Entries taken from a collection
= = = = = = =

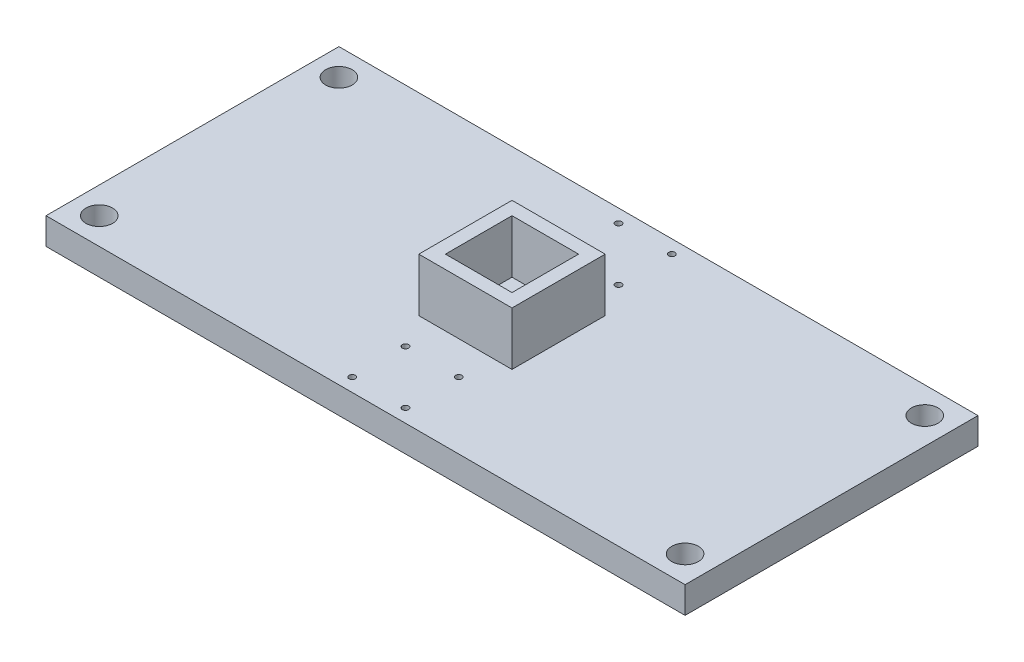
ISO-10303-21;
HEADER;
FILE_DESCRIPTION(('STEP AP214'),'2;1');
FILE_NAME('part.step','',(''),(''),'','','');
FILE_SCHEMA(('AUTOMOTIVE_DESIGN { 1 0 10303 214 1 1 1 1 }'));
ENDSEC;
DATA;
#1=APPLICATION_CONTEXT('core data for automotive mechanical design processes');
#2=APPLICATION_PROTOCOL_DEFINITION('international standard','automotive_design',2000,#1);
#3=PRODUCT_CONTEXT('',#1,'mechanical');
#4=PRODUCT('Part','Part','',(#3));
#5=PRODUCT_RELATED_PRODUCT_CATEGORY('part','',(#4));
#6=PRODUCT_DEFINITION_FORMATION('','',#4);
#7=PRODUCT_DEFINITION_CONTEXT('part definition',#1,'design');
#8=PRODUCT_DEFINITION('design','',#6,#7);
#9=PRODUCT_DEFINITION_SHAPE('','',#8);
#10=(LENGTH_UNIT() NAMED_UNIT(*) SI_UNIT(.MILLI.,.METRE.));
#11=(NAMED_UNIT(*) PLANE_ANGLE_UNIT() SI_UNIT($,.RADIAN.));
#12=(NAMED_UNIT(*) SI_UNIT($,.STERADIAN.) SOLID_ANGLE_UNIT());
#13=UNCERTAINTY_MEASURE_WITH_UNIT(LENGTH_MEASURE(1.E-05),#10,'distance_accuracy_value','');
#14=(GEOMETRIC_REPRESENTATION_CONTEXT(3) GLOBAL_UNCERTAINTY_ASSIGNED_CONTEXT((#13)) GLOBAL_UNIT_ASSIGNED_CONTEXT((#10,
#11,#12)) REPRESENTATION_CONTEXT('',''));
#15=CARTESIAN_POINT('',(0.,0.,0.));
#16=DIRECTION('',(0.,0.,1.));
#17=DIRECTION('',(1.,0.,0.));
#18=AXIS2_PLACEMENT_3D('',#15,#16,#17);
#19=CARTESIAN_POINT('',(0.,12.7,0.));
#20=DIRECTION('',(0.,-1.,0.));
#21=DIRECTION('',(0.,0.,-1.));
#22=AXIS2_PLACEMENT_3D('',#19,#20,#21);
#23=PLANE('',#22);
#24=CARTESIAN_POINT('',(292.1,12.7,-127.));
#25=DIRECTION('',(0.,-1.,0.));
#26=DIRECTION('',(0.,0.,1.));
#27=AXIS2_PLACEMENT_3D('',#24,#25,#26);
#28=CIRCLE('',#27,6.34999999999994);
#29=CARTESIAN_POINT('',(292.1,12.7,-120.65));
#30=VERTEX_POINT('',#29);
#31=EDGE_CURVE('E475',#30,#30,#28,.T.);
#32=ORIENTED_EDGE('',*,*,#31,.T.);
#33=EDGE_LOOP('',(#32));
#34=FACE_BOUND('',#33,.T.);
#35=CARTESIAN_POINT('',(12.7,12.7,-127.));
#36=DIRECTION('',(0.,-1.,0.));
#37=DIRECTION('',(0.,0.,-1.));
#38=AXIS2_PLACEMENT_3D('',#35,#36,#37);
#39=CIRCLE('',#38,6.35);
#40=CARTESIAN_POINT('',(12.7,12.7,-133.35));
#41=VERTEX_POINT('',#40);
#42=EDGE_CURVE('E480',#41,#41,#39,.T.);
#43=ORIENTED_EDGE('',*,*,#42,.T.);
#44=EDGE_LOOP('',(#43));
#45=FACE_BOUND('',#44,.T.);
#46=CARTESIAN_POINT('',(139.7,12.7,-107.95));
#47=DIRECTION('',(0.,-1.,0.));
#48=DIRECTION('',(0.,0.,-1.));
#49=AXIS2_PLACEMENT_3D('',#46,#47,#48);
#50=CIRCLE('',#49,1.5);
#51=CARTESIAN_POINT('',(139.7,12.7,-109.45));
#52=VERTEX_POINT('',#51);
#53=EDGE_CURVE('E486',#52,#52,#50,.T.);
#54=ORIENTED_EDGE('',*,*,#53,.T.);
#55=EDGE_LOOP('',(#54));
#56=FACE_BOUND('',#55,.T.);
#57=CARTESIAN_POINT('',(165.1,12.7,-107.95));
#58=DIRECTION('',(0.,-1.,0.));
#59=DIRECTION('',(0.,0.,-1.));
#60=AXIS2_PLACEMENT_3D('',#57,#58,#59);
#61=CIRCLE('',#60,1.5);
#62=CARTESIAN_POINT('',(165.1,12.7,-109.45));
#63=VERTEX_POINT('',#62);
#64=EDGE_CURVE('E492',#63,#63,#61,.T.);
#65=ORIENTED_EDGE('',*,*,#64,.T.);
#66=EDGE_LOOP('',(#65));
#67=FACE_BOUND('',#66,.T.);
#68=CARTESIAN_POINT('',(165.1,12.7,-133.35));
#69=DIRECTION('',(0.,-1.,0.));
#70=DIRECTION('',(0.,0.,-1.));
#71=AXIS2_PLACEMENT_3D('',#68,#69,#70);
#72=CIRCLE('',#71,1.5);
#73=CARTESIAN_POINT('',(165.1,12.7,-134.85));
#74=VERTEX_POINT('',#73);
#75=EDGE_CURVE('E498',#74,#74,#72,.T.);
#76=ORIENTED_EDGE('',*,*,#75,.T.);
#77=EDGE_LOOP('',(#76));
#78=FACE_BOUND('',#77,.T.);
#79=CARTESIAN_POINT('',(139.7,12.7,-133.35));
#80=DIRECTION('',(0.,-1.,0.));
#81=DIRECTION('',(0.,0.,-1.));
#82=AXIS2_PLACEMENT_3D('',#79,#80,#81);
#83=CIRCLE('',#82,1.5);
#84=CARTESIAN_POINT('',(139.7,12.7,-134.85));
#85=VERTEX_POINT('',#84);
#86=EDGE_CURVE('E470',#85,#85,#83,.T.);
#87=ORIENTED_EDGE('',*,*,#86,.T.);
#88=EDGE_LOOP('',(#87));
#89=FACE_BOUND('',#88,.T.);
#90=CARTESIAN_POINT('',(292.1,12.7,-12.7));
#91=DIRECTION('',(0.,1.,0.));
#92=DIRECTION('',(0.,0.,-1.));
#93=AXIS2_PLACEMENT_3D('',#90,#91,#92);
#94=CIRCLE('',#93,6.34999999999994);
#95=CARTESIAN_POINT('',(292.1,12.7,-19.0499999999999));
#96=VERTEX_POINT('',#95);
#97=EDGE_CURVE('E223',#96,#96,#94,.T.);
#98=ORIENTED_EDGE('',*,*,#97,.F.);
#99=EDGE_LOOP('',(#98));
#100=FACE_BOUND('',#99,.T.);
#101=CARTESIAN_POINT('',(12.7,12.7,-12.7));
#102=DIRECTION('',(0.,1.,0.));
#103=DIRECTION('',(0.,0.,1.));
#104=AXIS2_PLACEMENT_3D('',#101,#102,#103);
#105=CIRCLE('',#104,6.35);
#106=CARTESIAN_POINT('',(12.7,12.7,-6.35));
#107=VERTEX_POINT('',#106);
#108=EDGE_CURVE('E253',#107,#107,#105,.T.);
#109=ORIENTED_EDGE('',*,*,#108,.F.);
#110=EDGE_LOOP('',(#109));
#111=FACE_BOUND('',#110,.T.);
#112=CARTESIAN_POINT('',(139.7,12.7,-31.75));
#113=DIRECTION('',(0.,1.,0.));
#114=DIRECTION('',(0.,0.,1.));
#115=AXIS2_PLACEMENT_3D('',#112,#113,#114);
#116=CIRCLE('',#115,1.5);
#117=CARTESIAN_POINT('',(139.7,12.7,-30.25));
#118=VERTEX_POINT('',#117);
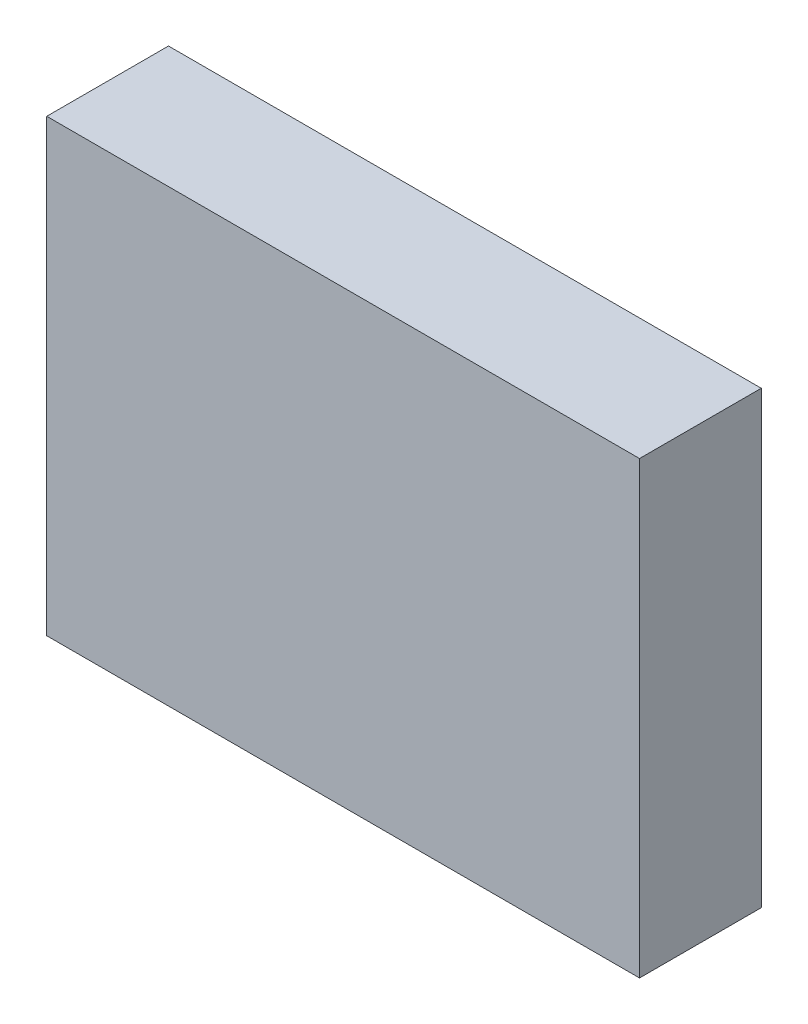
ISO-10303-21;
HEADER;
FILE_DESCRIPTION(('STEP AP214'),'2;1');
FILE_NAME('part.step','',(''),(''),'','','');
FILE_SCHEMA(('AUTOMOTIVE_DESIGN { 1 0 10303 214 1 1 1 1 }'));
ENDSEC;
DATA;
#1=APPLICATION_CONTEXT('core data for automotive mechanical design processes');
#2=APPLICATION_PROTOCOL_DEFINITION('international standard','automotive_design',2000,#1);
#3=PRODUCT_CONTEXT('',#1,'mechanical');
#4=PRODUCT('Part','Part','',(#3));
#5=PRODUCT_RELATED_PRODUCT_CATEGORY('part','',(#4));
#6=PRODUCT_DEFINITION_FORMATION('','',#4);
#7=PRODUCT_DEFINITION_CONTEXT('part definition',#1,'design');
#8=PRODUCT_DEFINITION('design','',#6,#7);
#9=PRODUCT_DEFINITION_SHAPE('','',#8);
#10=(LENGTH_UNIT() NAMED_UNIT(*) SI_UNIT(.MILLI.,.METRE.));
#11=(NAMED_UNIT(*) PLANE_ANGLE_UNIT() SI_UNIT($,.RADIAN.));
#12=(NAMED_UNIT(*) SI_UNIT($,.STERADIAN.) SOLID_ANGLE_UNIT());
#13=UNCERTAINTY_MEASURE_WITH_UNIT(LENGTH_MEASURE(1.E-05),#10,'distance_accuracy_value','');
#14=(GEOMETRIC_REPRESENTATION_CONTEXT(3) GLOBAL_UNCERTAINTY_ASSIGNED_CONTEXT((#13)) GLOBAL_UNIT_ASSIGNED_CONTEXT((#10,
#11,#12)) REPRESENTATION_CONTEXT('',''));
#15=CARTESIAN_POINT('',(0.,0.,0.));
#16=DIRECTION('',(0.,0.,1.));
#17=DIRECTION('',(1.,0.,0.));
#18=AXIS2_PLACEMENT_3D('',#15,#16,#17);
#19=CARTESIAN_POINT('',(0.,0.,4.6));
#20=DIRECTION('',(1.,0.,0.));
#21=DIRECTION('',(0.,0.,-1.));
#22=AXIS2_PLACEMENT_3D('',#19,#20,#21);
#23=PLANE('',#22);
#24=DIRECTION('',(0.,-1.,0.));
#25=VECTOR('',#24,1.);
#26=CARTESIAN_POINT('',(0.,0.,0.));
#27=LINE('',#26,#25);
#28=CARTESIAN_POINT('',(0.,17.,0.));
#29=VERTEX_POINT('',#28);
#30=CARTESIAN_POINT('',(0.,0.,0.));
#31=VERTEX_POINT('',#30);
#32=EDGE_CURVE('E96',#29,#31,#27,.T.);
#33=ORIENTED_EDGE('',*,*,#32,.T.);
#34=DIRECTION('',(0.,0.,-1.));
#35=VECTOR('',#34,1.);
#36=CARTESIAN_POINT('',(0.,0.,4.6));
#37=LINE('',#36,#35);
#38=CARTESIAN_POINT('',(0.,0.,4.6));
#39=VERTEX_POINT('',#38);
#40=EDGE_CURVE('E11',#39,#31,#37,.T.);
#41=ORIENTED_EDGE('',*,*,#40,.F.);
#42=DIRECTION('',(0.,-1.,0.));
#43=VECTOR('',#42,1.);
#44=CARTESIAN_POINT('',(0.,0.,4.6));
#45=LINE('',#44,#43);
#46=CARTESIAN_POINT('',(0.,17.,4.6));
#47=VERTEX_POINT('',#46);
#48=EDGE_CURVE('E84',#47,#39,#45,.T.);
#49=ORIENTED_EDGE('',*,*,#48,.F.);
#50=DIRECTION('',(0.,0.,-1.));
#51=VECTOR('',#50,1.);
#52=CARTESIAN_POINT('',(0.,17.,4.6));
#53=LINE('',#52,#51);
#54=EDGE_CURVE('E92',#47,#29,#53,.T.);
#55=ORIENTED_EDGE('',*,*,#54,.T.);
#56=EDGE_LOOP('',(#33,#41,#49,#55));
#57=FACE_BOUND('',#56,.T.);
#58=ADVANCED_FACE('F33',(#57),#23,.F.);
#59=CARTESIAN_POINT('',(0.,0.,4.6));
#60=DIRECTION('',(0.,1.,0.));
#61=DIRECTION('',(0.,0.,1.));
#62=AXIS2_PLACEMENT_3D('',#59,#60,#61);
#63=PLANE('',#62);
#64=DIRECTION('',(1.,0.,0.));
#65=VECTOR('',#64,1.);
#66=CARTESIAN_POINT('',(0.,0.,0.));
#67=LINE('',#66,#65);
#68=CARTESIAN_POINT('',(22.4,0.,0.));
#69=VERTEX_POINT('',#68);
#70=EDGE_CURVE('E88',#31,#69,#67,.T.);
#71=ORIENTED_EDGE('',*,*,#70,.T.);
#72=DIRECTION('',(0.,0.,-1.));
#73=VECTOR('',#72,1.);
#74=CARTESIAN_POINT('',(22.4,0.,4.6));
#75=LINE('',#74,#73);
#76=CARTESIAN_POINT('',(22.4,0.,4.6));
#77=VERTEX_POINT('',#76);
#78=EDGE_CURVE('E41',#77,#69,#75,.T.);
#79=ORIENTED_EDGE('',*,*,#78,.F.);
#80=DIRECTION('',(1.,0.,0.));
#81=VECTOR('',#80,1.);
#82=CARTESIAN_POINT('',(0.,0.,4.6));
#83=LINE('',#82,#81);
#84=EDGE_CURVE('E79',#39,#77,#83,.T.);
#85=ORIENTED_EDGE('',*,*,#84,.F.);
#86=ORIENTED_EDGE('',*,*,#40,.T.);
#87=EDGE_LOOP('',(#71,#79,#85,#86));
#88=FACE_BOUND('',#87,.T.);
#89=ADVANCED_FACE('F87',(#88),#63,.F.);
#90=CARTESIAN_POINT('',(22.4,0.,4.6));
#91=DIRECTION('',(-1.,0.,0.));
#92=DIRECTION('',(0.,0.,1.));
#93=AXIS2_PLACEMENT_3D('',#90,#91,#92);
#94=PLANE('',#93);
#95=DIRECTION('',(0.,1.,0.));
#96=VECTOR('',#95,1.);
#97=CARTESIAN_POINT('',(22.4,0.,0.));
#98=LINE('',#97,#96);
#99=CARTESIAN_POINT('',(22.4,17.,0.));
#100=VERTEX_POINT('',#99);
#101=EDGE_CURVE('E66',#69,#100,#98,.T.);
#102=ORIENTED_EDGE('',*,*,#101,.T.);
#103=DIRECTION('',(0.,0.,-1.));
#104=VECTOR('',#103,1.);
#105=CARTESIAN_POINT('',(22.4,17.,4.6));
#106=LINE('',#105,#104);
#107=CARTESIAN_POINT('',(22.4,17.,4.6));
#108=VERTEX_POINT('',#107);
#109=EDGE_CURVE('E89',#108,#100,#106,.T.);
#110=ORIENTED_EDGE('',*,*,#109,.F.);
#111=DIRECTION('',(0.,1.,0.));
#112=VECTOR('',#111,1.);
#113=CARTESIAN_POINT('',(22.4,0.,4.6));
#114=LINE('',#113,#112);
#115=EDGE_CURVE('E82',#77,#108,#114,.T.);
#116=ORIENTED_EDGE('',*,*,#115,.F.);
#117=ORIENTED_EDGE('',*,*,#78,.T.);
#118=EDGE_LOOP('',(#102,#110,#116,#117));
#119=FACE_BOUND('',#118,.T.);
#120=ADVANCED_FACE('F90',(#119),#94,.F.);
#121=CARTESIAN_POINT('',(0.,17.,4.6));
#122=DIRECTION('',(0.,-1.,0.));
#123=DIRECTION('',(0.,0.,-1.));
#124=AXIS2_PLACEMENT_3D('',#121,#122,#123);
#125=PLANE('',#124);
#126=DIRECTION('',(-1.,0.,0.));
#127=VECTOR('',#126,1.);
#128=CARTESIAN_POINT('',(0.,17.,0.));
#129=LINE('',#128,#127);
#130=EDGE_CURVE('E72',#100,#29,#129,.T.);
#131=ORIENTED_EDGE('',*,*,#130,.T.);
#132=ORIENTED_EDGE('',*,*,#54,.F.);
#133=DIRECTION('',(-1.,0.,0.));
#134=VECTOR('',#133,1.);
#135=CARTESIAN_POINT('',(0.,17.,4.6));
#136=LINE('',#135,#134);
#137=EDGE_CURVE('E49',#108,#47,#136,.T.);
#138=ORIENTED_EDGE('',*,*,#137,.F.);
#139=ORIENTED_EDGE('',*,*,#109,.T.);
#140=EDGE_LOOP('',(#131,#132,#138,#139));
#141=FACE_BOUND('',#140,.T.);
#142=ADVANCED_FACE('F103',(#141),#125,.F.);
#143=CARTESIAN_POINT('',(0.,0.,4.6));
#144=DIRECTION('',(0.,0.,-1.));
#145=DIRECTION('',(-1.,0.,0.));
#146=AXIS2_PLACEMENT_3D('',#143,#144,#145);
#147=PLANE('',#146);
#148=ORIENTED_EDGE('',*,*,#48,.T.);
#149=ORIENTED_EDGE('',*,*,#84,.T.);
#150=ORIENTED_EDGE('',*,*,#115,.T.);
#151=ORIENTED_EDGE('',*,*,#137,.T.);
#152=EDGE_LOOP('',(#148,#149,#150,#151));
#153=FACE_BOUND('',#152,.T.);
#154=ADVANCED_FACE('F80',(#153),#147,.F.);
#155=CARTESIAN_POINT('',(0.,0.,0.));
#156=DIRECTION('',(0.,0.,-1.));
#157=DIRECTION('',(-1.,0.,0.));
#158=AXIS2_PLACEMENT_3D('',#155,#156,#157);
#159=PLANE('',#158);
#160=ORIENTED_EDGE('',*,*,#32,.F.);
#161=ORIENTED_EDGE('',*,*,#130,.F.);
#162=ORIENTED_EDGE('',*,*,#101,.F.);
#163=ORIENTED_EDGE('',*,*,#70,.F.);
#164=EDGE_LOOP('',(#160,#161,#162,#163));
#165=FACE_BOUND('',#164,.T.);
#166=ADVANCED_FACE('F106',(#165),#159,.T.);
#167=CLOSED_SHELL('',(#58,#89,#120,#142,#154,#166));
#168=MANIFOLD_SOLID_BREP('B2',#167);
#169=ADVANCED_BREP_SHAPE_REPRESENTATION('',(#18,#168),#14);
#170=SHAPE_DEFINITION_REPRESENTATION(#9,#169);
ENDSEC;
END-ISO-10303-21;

= = = = = = =

EXERCISE
Using the data above, extract exactly the lines from the one that holds "#149=ORIENTED_EDGE('',*,*,#84,.T.);" to the one that holds "#155=CARTESIAN_POINT('',(0.,0.,0.));", both ends included, and no others.

EXPECTED ANSWER
#149=ORIENTED_EDGE('',*,*,#84,.T.);
#150=ORIENTED_EDGE('',*,*,#115,.T.);
#151=ORIENTED_EDGE('',*,*,#137,.T.);
#152=EDGE_LOOP('',(#148,#149,#150,#151));
#153=FACE_BOUND('',#152,.T.);
#154=ADVANCED_FACE('F80',(#153),#147,.F.);
#155=CARTESIAN_POINT('',(0.,0.,0.));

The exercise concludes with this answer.